-- Task data follows --

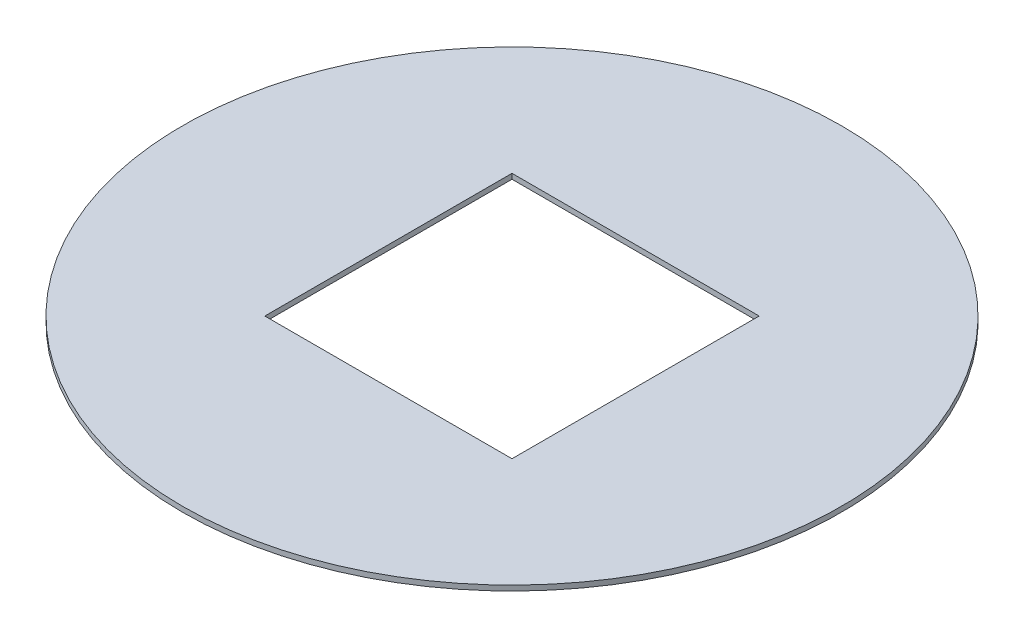
ISO-10303-21;
HEADER;
FILE_DESCRIPTION(('STEP AP214'),'2;1');
FILE_NAME('part.step','',(''),(''),'','','');
FILE_SCHEMA(('AUTOMOTIVE_DESIGN { 1 0 10303 214 1 1 1 1 }'));
ENDSEC;
DATA;
#1=APPLICATION_CONTEXT('core data for automotive mechanical design processes');
#2=APPLICATION_PROTOCOL_DEFINITION('international standard','automotive_design',2000,#1);
#3=PRODUCT_CONTEXT('',#1,'mechanical');
#4=PRODUCT('Part','Part','',(#3));
#5=PRODUCT_RELATED_PRODUCT_CATEGORY('part','',(#4));
#6=PRODUCT_DEFINITION_FORMATION('','',#4);
#7=PRODUCT_DEFINITION_CONTEXT('part definition',#1,'design');
#8=PRODUCT_DEFINITION('design','',#6,#7);
#9=PRODUCT_DEFINITION_SHAPE('','',#8);
#10=(LENGTH_UNIT() NAMED_UNIT(*) SI_UNIT(.MILLI.,.METRE.));
#11=(NAMED_UNIT(*) PLANE_ANGLE_UNIT() SI_UNIT($,.RADIAN.));
#12=(NAMED_UNIT(*) SI_UNIT($,.STERADIAN.) SOLID_ANGLE_UNIT());
#13=UNCERTAINTY_MEASURE_WITH_UNIT(LENGTH_MEASURE(1.E-05),#10,'distance_accuracy_value','');
#14=(GEOMETRIC_REPRESENTATION_CONTEXT(3) GLOBAL_UNCERTAINTY_ASSIGNED_CONTEXT((#13)) GLOBAL_UNIT_ASSIGNED_CONTEXT((#10,
#11,#12)) REPRESENTATION_CONTEXT('',''));
#15=CARTESIAN_POINT('',(0.,0.,0.));
#16=DIRECTION('',(0.,0.,1.));
#17=DIRECTION('',(1.,0.,0.));
#18=AXIS2_PLACEMENT_3D('',#15,#16,#17);
#19=CARTESIAN_POINT('',(-60.,-0.785000000000001,0.));
#20=DIRECTION('',(0.,1.,0.));
#21=DIRECTION('',(0.,0.,1.));
#22=AXIS2_PLACEMENT_3D('',#19,#20,#21);
#23=PLANE('',#22);
#24=CARTESIAN_POINT('',(0.,-0.785000000007585,0.));
#25=DIRECTION('',(0.,-1.,0.));
#26=DIRECTION('',(0.,0.,-1.));
#27=AXIS2_PLACEMENT_3D('',#24,#25,#26);
#28=CIRCLE('',#27,100.);
#29=CARTESIAN_POINT('',(0.,-0.785000000007585,-100.));
#30=VERTEX_POINT('',#29);
#31=EDGE_CURVE('E11',#30,#30,#28,.T.);
#32=ORIENTED_EDGE('',*,*,#31,.T.);
#33=EDGE_LOOP('',(#32));
#34=FACE_BOUND('',#33,.T.);
#35=DIRECTION('',(1.,0.,0.));
#36=VECTOR('',#35,1.);
#37=CARTESIAN_POINT('',(-37.5,-0.785000000000008,-37.5));
#38=LINE('',#37,#36);
#39=CARTESIAN_POINT('',(-37.5,-0.785000000000008,-37.5));
#40=VERTEX_POINT('',#39);
#41=CARTESIAN_POINT('',(37.5,-0.785000000000008,-37.5));
#42=VERTEX_POINT('',#41);
#43=EDGE_CURVE('E53',#40,#42,#38,.T.);
#44=ORIENTED_EDGE('',*,*,#43,.F.);
#45=DIRECTION('',(0.,0.,-1.));
#46=VECTOR('',#45,1.);
#47=CARTESIAN_POINT('',(-37.5,-0.785000000000008,37.5));
#48=LINE('',#47,#46);
#49=CARTESIAN_POINT('',(-37.5,-0.785000000000008,37.5));
#50=VERTEX_POINT('',#49);
#51=EDGE_CURVE('E57',#50,#40,#48,.T.);
#52=ORIENTED_EDGE('',*,*,#51,.F.);
#53=DIRECTION('',(-1.,0.,0.));
#54=VECTOR('',#53,1.);
#55=CARTESIAN_POINT('',(-37.5,-0.785000000000008,37.5));
#56=LINE('',#55,#54);
#57=CARTESIAN_POINT('',(37.5,-0.785000000000008,37.5));
#58=VERTEX_POINT('',#57);
#59=EDGE_CURVE('E111',#58,#50,#56,.T.);
#60=ORIENTED_EDGE('',*,*,#59,.F.);
#61=DIRECTION('',(0.,0.,1.));
#62=VECTOR('',#61,1.);
#63=CARTESIAN_POINT('',(37.5,-0.785000000000008,37.5));
#64=LINE('',#63,#62);
#65=EDGE_CURVE('E107',#42,#58,#64,.T.);
#66=ORIENTED_EDGE('',*,*,#65,.F.);
#67=EDGE_LOOP('',(#44,#52,#60,#66));
#68=FACE_BOUND('',#67,.T.);
#69=ADVANCED_FACE('F39',(#34,#68),#23,.F.);
#70=CARTESIAN_POINT('',(0.,-200069.047495165,0.));
#71=DIRECTION('',(0.,-1.,0.));
#72=DIRECTION('',(0.,0.,-1.));
#73=AXIS2_PLACEMENT_3D('',#70,#71,#72);
#74=CYLINDRICAL_SURFACE('',#73,100.);
#75=ORIENTED_EDGE('',*,*,#31,.F.);
#76=EDGE_LOOP('',(#75));
#77=FACE_BOUND('',#76,.T.);
#78=CARTESIAN_POINT('',(0.,0.785000000007585,0.));
#79=DIRECTION('',(0.,-1.,0.));
#80=DIRECTION('',(0.,0.,-1.));
#81=AXIS2_PLACEMENT_3D('',#78,#79,#80);
#82=CIRCLE('',#81,100.);
#83=CARTESIAN_POINT('',(0.,0.785000000007585,-100.));
#84=VERTEX_POINT('',#83);
#85=EDGE_CURVE('E46',#84,#84,#82,.T.);
#86=ORIENTED_EDGE('',*,*,#85,.T.);
#87=EDGE_LOOP('',(#86));
#88=FACE_BOUND('',#87,.T.);
#89=ADVANCED_FACE('F123',(#77,#88),#74,.T.);
#90=CARTESIAN_POINT('',(-60.,0.785000000000001,0.));
#91=DIRECTION('',(0.,-1.,0.));
#92=DIRECTION('',(0.,0.,-1.));
#93=AXIS2_PLACEMENT_3D('',#90,#91,#92);
#94=PLANE('',#93);
#95=ORIENTED_EDGE('',*,*,#85,.F.);
#96=EDGE_LOOP('',(#95));
#97=FACE_BOUND('',#96,.T.);
#98=DIRECTION('',(0.,0.,-1.));
#99=VECTOR('',#98,1.);
#100=CARTESIAN_POINT('',(37.5,0.785000000000001,37.5));
#101=LINE('',#100,#99);
#102=CARTESIAN_POINT('',(37.5,0.785000000000001,37.5));
#103=VERTEX_POINT('',#102);
#104=CARTESIAN_POINT('',(37.5,0.785000000000001,-37.5));
#105=VERTEX_POINT('',#104);
#106=EDGE_CURVE('E94',#103,#105,#101,.T.);
#107=ORIENTED_EDGE('',*,*,#106,.F.);
#108=DIRECTION('',(1.,0.,0.));
#109=VECTOR('',#108,1.);
#110=CARTESIAN_POINT('',(-37.5,0.785000000000001,37.5));
#111=LINE('',#110,#109);
#112=CARTESIAN_POINT('',(-37.5,0.785000000000001,37.5));
#113=VERTEX_POINT('',#112);
#114=EDGE_CURVE('E98',#113,#103,#111,.T.);
#115=ORIENTED_EDGE('',*,*,#114,.F.);
#116=DIRECTION('',(0.,0.,1.));
#117=VECTOR('',#116,1.);
#118=CARTESIAN_POINT('',(-37.5,0.785000000000001,37.5));
#119=LINE('',#118,#117);
#120=CARTESIAN_POINT('',(-37.5,0.785000000000001,-37.5));
#121=VERTEX_POINT('',#120);
#122=EDGE_CURVE('E81',#121,#113,#119,.T.);
#123=ORIENTED_EDGE('',*,*,#122,.F.);
#124=DIRECTION('',(-1.,0.,0.));
#125=VECTOR('',#124,1.);
#126=CARTESIAN_POINT('',(-37.5,0.785000000000001,-37.5));
#127=LINE('',#126,#125);
#128=EDGE_CURVE('E88',#105,#121,#127,.T.);
#129=ORIENTED_EDGE('',*,*,#128,.F.);
#130=EDGE_LOOP('',(#107,#115,#123,#129));
#131=FACE_BOUND('',#130,.T.);
#132=ADVANCED_FACE('F96',(#97,#131),#94,.F.);
#133=CARTESIAN_POINT('',(-37.5,-170.490627484771,-37.5));
#134=DIRECTION('',(0.,0.,-1.));
#135=DIRECTION('',(-1.,0.,0.));
#136=AXIS2_PLACEMENT_3D('',#133,#134,#135);
#137=PLANE('',#136);
#138=DIRECTION('',(0.,1.,0.));
#139=VECTOR('',#138,1.);
#140=CARTESIAN_POINT('',(-37.5,-170.490627484771,-37.5));
#141=LINE('',#140,#139);
#142=EDGE_CURVE('E77',#40,#121,#141,.T.);
#143=ORIENTED_EDGE('',*,*,#142,.F.);
#144=ORIENTED_EDGE('',*,*,#43,.T.);
#145=DIRECTION('',(0.,1.,0.));
#146=VECTOR('',#145,1.);
#147=CARTESIAN_POINT('',(37.5,-170.490627484771,-37.5));
#148=LINE('',#147,#146);
#149=EDGE_CURVE('E85',#42,#105,#148,.T.);
#150=ORIENTED_EDGE('',*,*,#149,.T.);
#151=ORIENTED_EDGE('',*,*,#128,.T.);
#152=EDGE_LOOP('',(#143,#144,#150,#151));
#153=FACE_BOUND('',#152,.T.);
#154=ADVANCED_FACE('F89',(#153),#137,.F.);
#155=CARTESIAN_POINT('',(-37.5,-170.490627484771,37.5));
#156=DIRECTION('',(-1.,0.,0.));
#157=DIRECTION('',(0.,0.,1.));
#158=AXIS2_PLACEMENT_3D('',#155,#156,#157);
#159=PLANE('',#158);
#160=DIRECTION('',(0.,1.,0.));
#161=VECTOR('',#160,1.);
#162=CARTESIAN_POINT('',(-37.5,-170.490627484771,37.5));
#163=LINE('',#162,#161);
#164=EDGE_CURVE('E84',#50,#113,#163,.T.);
#165=ORIENTED_EDGE('',*,*,#164,.F.);
#166=ORIENTED_EDGE('',*,*,#51,.T.);
#167=ORIENTED_EDGE('',*,*,#142,.T.);
#168=ORIENTED_EDGE('',*,*,#122,.T.);
#169=EDGE_LOOP('',(#165,#166,#167,#168));
#170=FACE_BOUND('',#169,.T.);
#171=ADVANCED_FACE('F79',(#170),#159,.F.);
#172=CARTESIAN_POINT('',(-37.5,-170.490627484771,37.5));
#173=DIRECTION('',(0.,0.,1.));
#174=DIRECTION('',(1.,0.,0.));
#175=AXIS2_PLACEMENT_3D('',#172,#173,#174);
#176=PLANE('',#175);
#177=DIRECTION('',(0.,1.,0.));
#178=VECTOR('',#177,1.);
#179=CARTESIAN_POINT('',(37.5,-170.490627484771,37.5));
#180=LINE('',#179,#178);
#181=EDGE_CURVE('E103',#58,#103,#180,.T.);
#182=ORIENTED_EDGE('',*,*,#181,.F.);
#183=ORIENTED_EDGE('',*,*,#59,.T.);
#184=ORIENTED_EDGE('',*,*,#164,.T.);
#185=ORIENTED_EDGE('',*,*,#114,.T.);
#186=EDGE_LOOP('',(#182,#183,#184,#185));
#187=FACE_BOUND('',#186,.T.);
#188=ADVANCED_FACE('F121',(#187),#176,.F.);
#189=CARTESIAN_POINT('',(37.5,-170.490627484771,37.5));
#190=DIRECTION('',(1.,0.,0.));
#191=DIRECTION('',(0.,0.,-1.));
#192=AXIS2_PLACEMENT_3D('',#189,#190,#191);
#193=PLANE('',#192);
#194=ORIENTED_EDGE('',*,*,#149,.F.);
#195=ORIENTED_EDGE('',*,*,#65,.T.);
#196=ORIENTED_EDGE('',*,*,#181,.T.);
#197=ORIENTED_EDGE('',*,*,#106,.T.);
#198=EDGE_LOOP('',(#194,#195,#196,#197));
#199=FACE_BOUND('',#198,.T.);
#200=ADVANCED_FACE('F118',(#199),#193,.F.);
#201=CLOSED_SHELL('',(#69,#89,#132,#154,#171,#188,#200));
#202=MANIFOLD_SOLID_BREP('B2',#201);
#203=ADVANCED_BREP_SHAPE_REPRESENTATION('',(#18,#202),#14);
#204=SHAPE_DEFINITION_REPRESENTATION(#9,#203);
ENDSEC;
END-ISO-10303-21;

-- Task data concluded --

* _What is expected_:
Copy out each line of the data above, exactly, if it lies between the line holding "#71=DIRECTION('',(0.,-1.,0.));" and the line holding "#83=CARTESIAN_POINT('',(0.,0.785000000007585,-100.));", inclusive; copy no other line.

* _Your response_:
#71=DIRECTION('',(0.,-1.,0.));
#72=DIRECTION('',(0.,0.,-1.));
#73=AXIS2_PLACEMENT_3D('',#70,#71,#72);
#74=CYLINDRICAL_SURFACE('',#73,100.);
#75=ORIENTED_EDGE('',*,*,#31,.F.);
#76=EDGE_LOOP('',(#75));
#77=FACE_BOUND('',#76,.T.);
#78=CARTESIAN_POINT('',(0.,0.785000000007585,0.));
#79=DIRECTION('',(0.,-1.,0.));
#80=DIRECTION('',(0.,0.,-1.));
#81=AXIS2_PLACEMENT_3D('',#78,#79,#80);
#82=CIRCLE('',#81,100.);
#83=CARTESIAN_POINT('',(0.,0.785000000007585,-100.));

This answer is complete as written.